In 2016, the rights to Roy of the Rovers and the rest of the Fleetway comics library were acquired by Rebellion Developments, who subsequently rebooted the series to follow the modern-day adventures of Roy as a teenager. A series of hardcover graphic novels began publication in 2018, written by Rob Williams and drawn by Ben Willsher, running in parallel with a series of novels for younger readers written by Tom Palmer with illustrations by Lisa Henke.

==Plot==

The first ever appearance of a youthful Roy Race

The story followed Roy Race, a striker for the fictional football team Melchester Rovers, based in a town of the same name in an unspecified part of England, where Roy lived with his family. In the first episode, a teenaged Roy and his best friend, Blackie Gray, signed for the Rovers after being spotted playing for a youth club team. Eight months later, Roy and Blackie made their first-team debuts against Elbury Wanderers in a game that ended in a 3–3 draw, with Roy scoring twice. He soon became a star, leading the team to either the Football League title or a cup almost every season. In January 1975 he was made player-manager, a position he retained for most of the next 20 years. Although the strip followed the Rovers through nearly 40 seasons, Roy did not age at the same rate and appeared to be at most in his late thirties by the time the weekly comic ended. This unrealistic longevity was never remarked upon by the weekly comic, although the monthly comic attempted to address the anomaly by explaining that more than one Roy Race had played for Melchester over the years. (Note: The monthly stated that the Roy whose career ended in 1993 had been born in 1954 (the year the strip first appeared), and had debuted, aged 16, in the Rovers' European Cup Final win of 1970 (which had actually taken place in 1969, not 1970, in the strip). All stories before then were implied to have featured his father, also named Roy.)

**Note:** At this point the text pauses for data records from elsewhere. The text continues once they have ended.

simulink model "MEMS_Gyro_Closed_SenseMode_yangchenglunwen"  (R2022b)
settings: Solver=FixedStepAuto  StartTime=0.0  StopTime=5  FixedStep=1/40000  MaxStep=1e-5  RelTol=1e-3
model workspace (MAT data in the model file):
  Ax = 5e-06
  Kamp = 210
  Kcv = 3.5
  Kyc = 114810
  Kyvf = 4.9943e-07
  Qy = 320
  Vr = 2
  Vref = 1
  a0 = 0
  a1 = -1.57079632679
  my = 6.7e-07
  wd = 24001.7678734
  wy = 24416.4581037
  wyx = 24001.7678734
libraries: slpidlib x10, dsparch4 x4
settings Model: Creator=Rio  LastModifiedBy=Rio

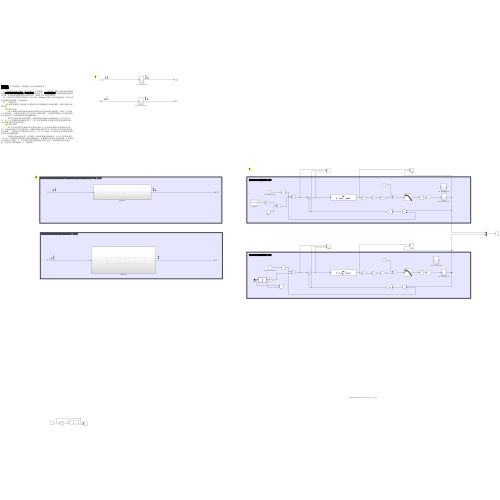
[thumbnail: Simulink's stored preview of the top-level diagram]
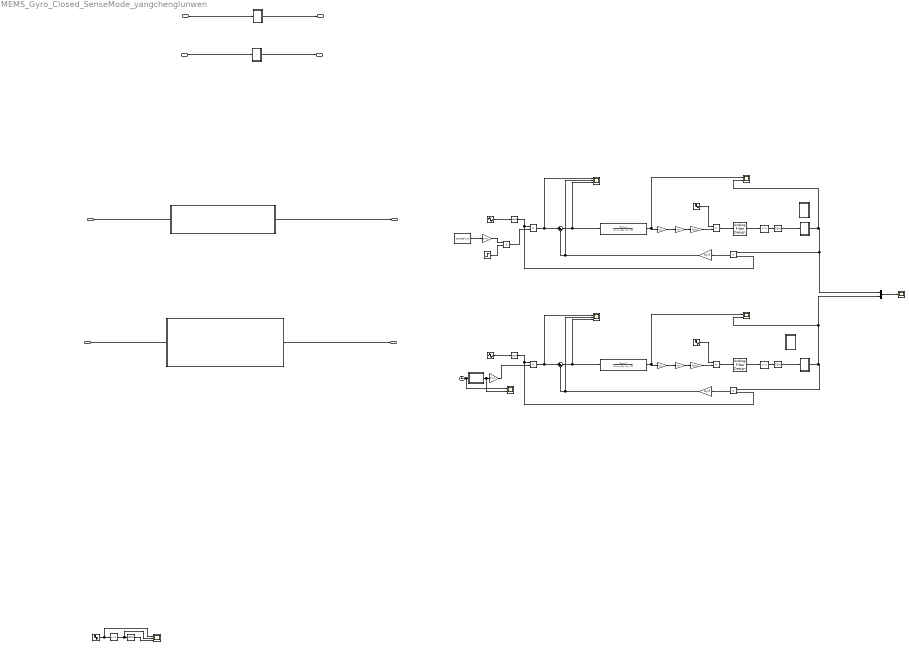
== system MEMS_Gyro_Closed_SenseMode_yangchenglunwen ==
  note: 1
  note: 模态匹配开环检测系统(时域)
  note: 仿真说明 ：参考杨成博士与詹超硕士论文闭环检测仿真
      | 仿真解释 ：
      | 1）闭环检测主要分为两个部分仿真，一个是频域，一个是时域。频域主要看闭环检测系统的 开环传递函数的伯德图、奈奎斯特图 分析稳定性。 闭环的伯德图 可以观察检测系统的带宽性能。时域就是直接观测给定输入信号，观测各个环节的响应情况。
      | 2）当前仿真均在模态匹配状态下进行仿真，即wy=wx,当输入恒定的角速度时，哥氏信号经检测模态相移90°，因此a=-90°。
      | 3）一共3类仿真：
      | 1 中对PI+串联校正器连续以及离散化后的传递函数进行观测伯德图，观察它幅频与相频特性；
      | 2 中有2个仿真：
      | 2.1 从频域传递函数角度观测闭环系统的开环传递函数的伯德图，加校正与不加校正环节的情形（目前仿出来和论文中是对得上的231122）。但是他的零极点与奈奎斯特图与论文相差较远（可能参数哪里有问题231122）。
      | 2.2 同时他的闭环系统伯德图，观测他的输出随输入的幅频特性与论文有很大出入，这一点与时域仿真是相相呼应的。（这与奈奎斯特图以及零极点图的特性是相符合的，因此参数可能还是存在问题）；
      | 3 中有2个仿真：
      | 3.1 首先从时域出发观测在稳定驱动位移信号与恒定角速度输入时系统输出的状态，这时候系统是可以闭环稳定的，检测位移基本被压到了0，加了校正环节后响应速度会有所减慢。（但是矫正环节输出的电压过大，与论文不太相符，可能还是存在参数或者那里结构有些问题231122）
      | 3.2 输入的角速度是有一定的频率，想观测其输出衰减情况，这与论文仿真结果有一定出入。检测反馈力随着输入角速度频率增大，在解调时可能会存在新的问题，这个需要在花些时间去理解一下。这与2.2中闭环的幅频特性是相对应的，说明是哪里还存在着问题，有时间还得仔细琢磨一下（231122）
  note: 观测开环检测输出随输入角速度频率变化，可反应带宽
  note: 3
  note: 模态匹配闭环检测系统的开环传递函数(校正与未校正环节对比)(频域)
  note: 模态匹配闭环检测系统的闭环观测（频域)
  note: 模态匹配开环检测系统(时域)
  note: 2
  Input2 : Inport
  In4 : Inport  Port=2
  Input1 : Inport  Port=3
  In1 : Inport  Port=4
  Analog Filter Design1 : dsparch4/Analog Filter Design  method=Butterworth  filttype=Lowpass  N=2  Wlo=2*pi*150  Whi=80  Rp=2  Rs=40
  Analog Filter Design3 : dsparch4/Analog Filter Design  method=Butterworth  filttype=Lowpass  N=2  Wlo=2*pi*150  Whi=80  Rp=2  Rs=40
  Clock2 : Clock
  Delay1 : Delay  SampleTime=1/1000
  Delay2 : Delay  SampleTime=1/40000
  Delay3 : Delay  SampleTime=1/40000
  Derivative : Derivative
  Derivative4 : Derivative
  Gain : Gain  Gain=2*my
  Gain1 : Gain  Gain=Kcv
  Gain10 : Gain  Gain=Kyc
  Gain11 : Gain  Gain=Kyvf
  Gain2 : Gain  Gain=Kamp
  Gain3 : Gain  Gain=Kyc
  Gain6 : Gain  Gain=Kyvf
  Gain7 : Gain  Gain=2*my
  Gain8 : Gain  Gain=Kcv
  Gain9 : Gain  Gain=Kamp
  MATLAB Function2 : MATLAB Function  TreatAsAtomicUnit=on
  Mux : Mux  Inputs=2
  Product{,1,8..11,13} (7 alike) : Product
  Scope : Scope  NumInputPorts=3
  Scope1 : Scope  NumInputPorts=3
  Scope10 : Scope  NumInputPorts=2
  Scope11 : Scope
  Scope2 : Scope  NumInputPorts=2
  Scope8 : Scope  NumInputPorts=3
  Scope9 : Scope  NumInputPorts=2
  Sine Wave : Sin  Frequency=2*pi*10  SampleTime=0
  Sine Wave1 : Sin  Frequency=wd  SampleTime=1/40000
  Sine Wave5 : Sin  Frequency=wd  SampleTime=1/40000
  Step : Step  SampleTime=1/40000
  Subsystem1 : Subsystem
  Subsystem2 : Subsystem
  Sum : Sum  Inputs=|+-
  Sum1 : Sum  Inputs=|+-
  Transfer Fcn : TransferFcn  Numerator=[1/my]  Denominator=[1 wyx/Qy wyx^2]
  Transfer Fcn2 : TransferFcn  Numerator=[1/my]  Denominator=[1 wyx/Qy wyx^2]
  Zero-Order Hold1 : ZeroOrderHold  SampleTime=1/1000
  Zero-Order Hold2 : ZeroOrderHold  SampleTime=1/40000
  Zero-Order Hold3 : ZeroOrderHold  SampleTime=1/40000
  离散：PI+串联校正器1 : Subsystem
  离散：PI+串联校正器2 : Subsystem
  离散：PI+串联校正器3 : Subsystem
  角速度输入 : Constant  Value=100/360*2*pi  SampleTime=1/40000
  连续：PI+串联校正器1 : Subsystem
  连续：PI+串联校正器2 : Subsystem
  连续：PI+串联校正器3 : Subsystem
  驱动模态速度位移输入 : Sin  Amplitude=Ax  Frequency=wd  SampleTime=1/40000
  驱动模态速度位移输入4 : Sin  Amplitude=Ax  Frequency=wd  SampleTime=1/40000
  Output2 : Outport
  Out4 : Outport  Port=2
  Output1 : Outport  Port=3
  Out1 : Outport  Port=4
  wires:
  Input2/1 -> 连续：PI+串联校正器1/1(u)
  连续：PI+串联校正器1/1(Output2) -> Output2/1
  驱动模态速度位移输入/1 -> Derivative/1
  角速度输入/1 -> Gain/1
  Derivative/1 -> Product9/2, Product/1
  Transfer Fcn/1 -> Gain3/1, Scope2/1
  Gain3/1 -> Gain1/1
  Gain1/1 -> Gain2/1
  Gain2/1 -> Product1/2
  Sine Wave1/1 -> Product1/1
  Product1/1 -> Analog Filter Design3/1
  In4/1 -> Subsystem1/1(In1)
  Subsystem1/1(Output2) -> Out4/1
  离散：PI+串联校正器2/1(Output2) -> Output1/1
  Input1/1 -> 离散：PI+串联校正器2/1(u)
  Delay1/1 -> Scope/2, Zero-Order Hold1/1
  Sine Wave/1 -> Scope/1, Delay1/1
  Zero-Order Hold1/1 -> Scope/3
  Subsystem2/1(Output2) -> Out1/1
  In1/1 -> Subsystem2/1(In1)
  Step/1 -> Product8/2
  Gain/1 -> Product8/1
  Product8/1 -> Product/2
  Product/1 -> Scope1/1, Sum/1
  Sum/1 -> Scope1/3, Transfer Fcn/1
  Product9/1 -> Gain6/1
  Gain6/1 -> Scope1/2, Sum/2
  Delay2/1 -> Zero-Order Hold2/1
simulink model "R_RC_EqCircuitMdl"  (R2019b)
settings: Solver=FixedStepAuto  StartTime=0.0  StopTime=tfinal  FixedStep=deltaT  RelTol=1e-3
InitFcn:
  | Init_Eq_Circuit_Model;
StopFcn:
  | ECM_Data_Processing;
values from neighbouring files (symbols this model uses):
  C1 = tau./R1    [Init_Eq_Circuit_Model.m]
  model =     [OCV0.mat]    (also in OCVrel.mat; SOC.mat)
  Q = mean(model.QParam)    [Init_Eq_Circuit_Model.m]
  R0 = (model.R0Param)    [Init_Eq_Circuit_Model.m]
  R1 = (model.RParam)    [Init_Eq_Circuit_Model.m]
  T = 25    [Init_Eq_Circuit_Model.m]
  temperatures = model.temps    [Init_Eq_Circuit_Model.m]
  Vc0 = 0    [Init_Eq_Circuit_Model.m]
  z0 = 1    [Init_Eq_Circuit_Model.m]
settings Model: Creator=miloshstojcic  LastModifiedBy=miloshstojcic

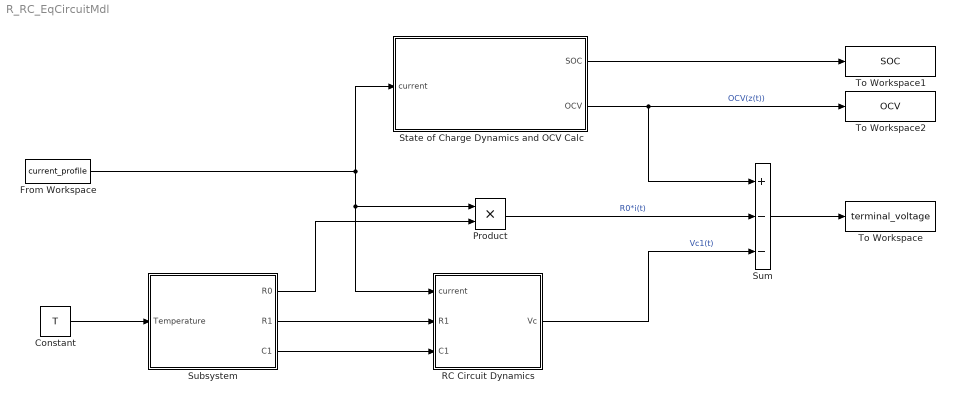
== system R_RC_EqCircuitMdl ==
  Constant : Constant  Value=T
  From Workspace : FromWorkspace  VariableName=current_profile  SampleTime=0
  Product : Product
  RC Circuit Dynamics : Subsystem
  State of Charge Dynamics and OCV Calc : Subsystem
  Subsystem : Subsystem
  Sum : Sum  Inputs=+--
  To Workspace : ToWorkspace  VariableName=terminal_voltage  SampleTime=-1
      settings: Save2DSignal=2-D array (concatenate along first dimension)
  To Workspace1 : ToWorkspace  VariableName=SOC  SampleTime=-1
      settings: Save2DSignal=2-D array (concatenate along first dimension)
  To Workspace2 : ToWorkspace  VariableName=OCV  SampleTime=-1
      settings: Save2DSignal=2-D array (concatenate along first dimension)
  wires:
  Constant/1 -> Subsystem/1(Temperature)
  Subsystem/2(R1) -> RC Circuit Dynamics/2(R1)
  Subsystem/3(C1) -> RC Circuit Dynamics/3(C1)
  From Workspace/1 -> State of Charge Dynamics and OCV Calc/1(current), Product/1, RC Circuit Dynamics/1(current)
  Subsystem/1(R0) -> Product/2
  State of Charge Dynamics and OCV Calc/2(OCV) -> Sum/1, To Workspace2/1  "OCV(z(t))"
  Product/1 -> Sum/2  "R0*i(t)"
  RC Circuit Dynamics/1(Vc) -> Sum/3  "Vc1(t)"
  Sum/1 -> To Workspace/1
  State of Charge Dynamics and OCV Calc/1(SOC) -> To Workspace1/1

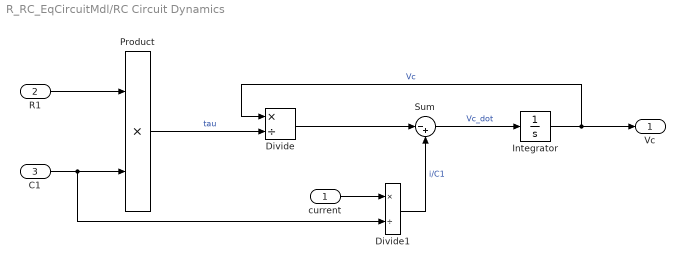
== system R_RC_EqCircuitMdl/RC Circuit Dynamics ==
  current : Inport
  R1 : Inport  Port=2
  C1 : Inport  Port=3
  Divide : Product  Inputs=*/
  Divide1 : Product  Inputs=*/
  Integrator : Integrator  InitialCondition=Vc0
  Product : Product
  Sum : Sum  Inputs=|-+
  Vc : Outport
  wires:
  C1/1 -> Divide1/2, Product/2
  R1/1 -> Product/1
  current/1 -> Divide1/1
  Divide1/1 -> Sum/2  "i/C1"
  Sum/1 -> Integrator/1  "Vc_dot"
  Integrator/1 -> Divide/1, Vc/1  "Vc"
  Product/1 -> Divide/2  "tau"
  Divide/1 -> Sum/1

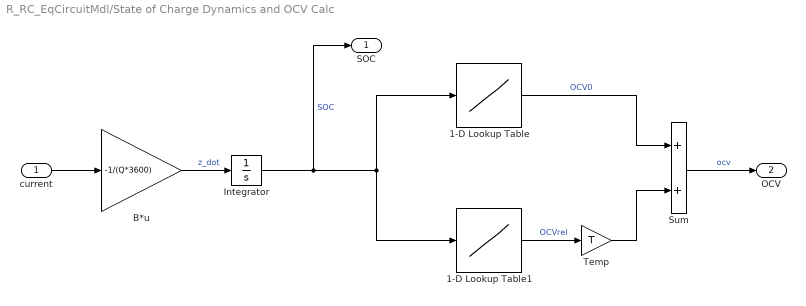
== system R_RC_EqCircuitMdl/State of Charge Dynamics and OCV Calc ==
  current : Inport
  1-D Lookup Table : Lookup_n-D  NumberOfTableDimensions=1  BreakpointsForDimension1=0:0.005:1  BreakpointsForDimension1FirstPoint=0  Table=model.OCV0  InternalRulePriority=Speed  RndMeth=Simplest  InputSameDT=on
  1-D Lookup Table1 : Lookup_n-D  NumberOfTableDimensions=1  BreakpointsForDimension1=[0:0.005:1]  BreakpointsForDimension1FirstPoint=0  Table=model.OCVrel  InternalRulePriority=Speed  RndMeth=Simplest  InputSameDT=on
  B*u : Gain  Gain=-1/(Q*3600)
  Integrator : Integrator  InitialCondition=z0
  Sum : Sum
  Temp : Gain  Gain=T
  SOC : Outport
  OCV : Outport  Port=2
  wires:
  current/1 -> B*u/1
  Sum/1 -> OCV/1  "ocv"
  B*u/1 -> Integrator/1  "z_dot"
  1-D Lookup Table1/1 -> Temp/1  "OCVrel"
  Temp/1 -> Sum/2
  1-D Lookup Table/1 -> Sum/1  "OCV0"
  Integrator/1 -> SOC/1, 1-D Lookup Table1/1, 1-D Lookup Table/1  "SOC"

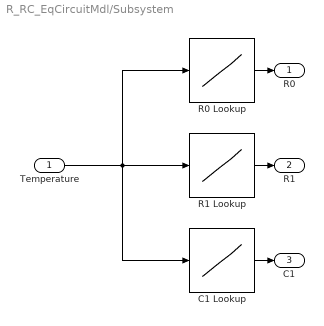
== system R_RC_EqCircuitMdl/Subsystem ==
  Temperature : Inport
  C1 Lookup : Lookup_n-D  NumberOfTableDimensions=1  BreakpointsForDimension1=temperatures  BreakpointsForDimension1FirstPoint=temperatures(1)  Table=C1  InternalRulePriority=Speed  RndMeth=Simplest  InputSameDT=on
  R0 Lookup : Lookup_n-D  NumberOfTableDimensions=1  BreakpointsForDimension1=temperatures  BreakpointsForDimension1FirstPoint=temperatures(1)  Table=R0  InternalRulePriority=Speed  RndMeth=Simplest  InputSameDT=on
  R1 Lookup : Lookup_n-D  NumberOfTableDimensions=1  BreakpointsForDimension1=temperatures  BreakpointsForDimension1FirstPoint=temperatures(1)  Table=R1  InternalRulePriority=Speed  RndMeth=Simplest  InputSameDT=on
  R0 : Outport
  R1 : Outport  Port=2
  C1 : Outport  Port=3
  wires:
  R0 Lookup/1 -> R0/1
  R1 Lookup/1 -> R1/1
  C1 Lookup/1 -> C1/1
  Temperature/1 -> R0 Lookup/1, R1 Lookup/1, C1 Lookup/1

Roy won a number of trophies during his career with the Rovers, including nine league titles, eight FA Cups, three League Cups, three European Cups, one UEFA Cup and four Cup Winners' Cups while also making several appearances for England. He married club secretary Penny Laine at the end of the 1975–76 season, with whom he had three children: Roy Jr. (later known as Rocky), Melinda, and Diana. Penny left Roy in the early 1980s, in a high-profile storyline that was covered on national television news. The following year Roy was shot in his office by a mystery gunman, in an incident clearly mirroring the shooting of J. R. Ewing in the hit television series Dallas the previous year. Roy lay in a coma for several weeks. The culprit was eventually revealed to be Elton Blake, an actor who had been cast as Roy in a television series about the Rovers, but who blamed him for his dismissal. In early 1983 Roy swapped Melchester Rovers for ambitious London side Walford Rovers after a fallout with the Melchester directors, but his stint away was short-lived and he was back at his spiritual home by the end of the year. In July 1986 eight members of the Rovers team were killed during a club tour of the fictional Middle Eastern country of Basran, when terrorists accidentally crashed a bomb-laden car into the team bus. Roy escaped with a dislocated shoulder. Author Mick Collins has commented that "Even as youngsters, we knew that this certainly bordered on bad taste, and probably overstepped the mark."

The cover of the 19 July 1986 issue of the comic showed the aftermath of the "massacre" of the Melchester team in the fictional country of Basran. This storyline's depiction of Middle Eastern terrorists caused controversy at the time of publication.

The final incident of Roy's playing career came in the closing pages of the last weekly issue, in March 1993, when he lost control of his helicopter and crashed into a field. Thus the weekly strip ended its 39-year unbroken run on a downbeat and unresolved cliffhanger, as Roy was taken into hospital while fans, the media and his family awaited news on his condition. The mystery of whether or not Roy had survived his crash was unresolved until the first issue of the new Roy of the Rovers Monthly in September 1993, in which readers discovered that the accident had resulted in the amputation of his famous left foot, ending his playing career and resulting in his move to Italy as the manager of Serie A side AC Monza (a fictional top-level Italian club, rather than the real club of the same name). (Note: This event may have been based on Italian racing driver Alessandro Nannini's own helicopter crash that severed his forearm and ended a blossoming Formula One career.)

Reconciling the continuity of the monthly strip with the stories that preceded and followed it presented difficulties, forcing the story's writers to alter its history in a number of ways, a technique known as retroactive continuity. Significantly, the strip rewrote various parts of Melchester's history, and shortened Roy Sr.'s recorded playing career to a more realistic level.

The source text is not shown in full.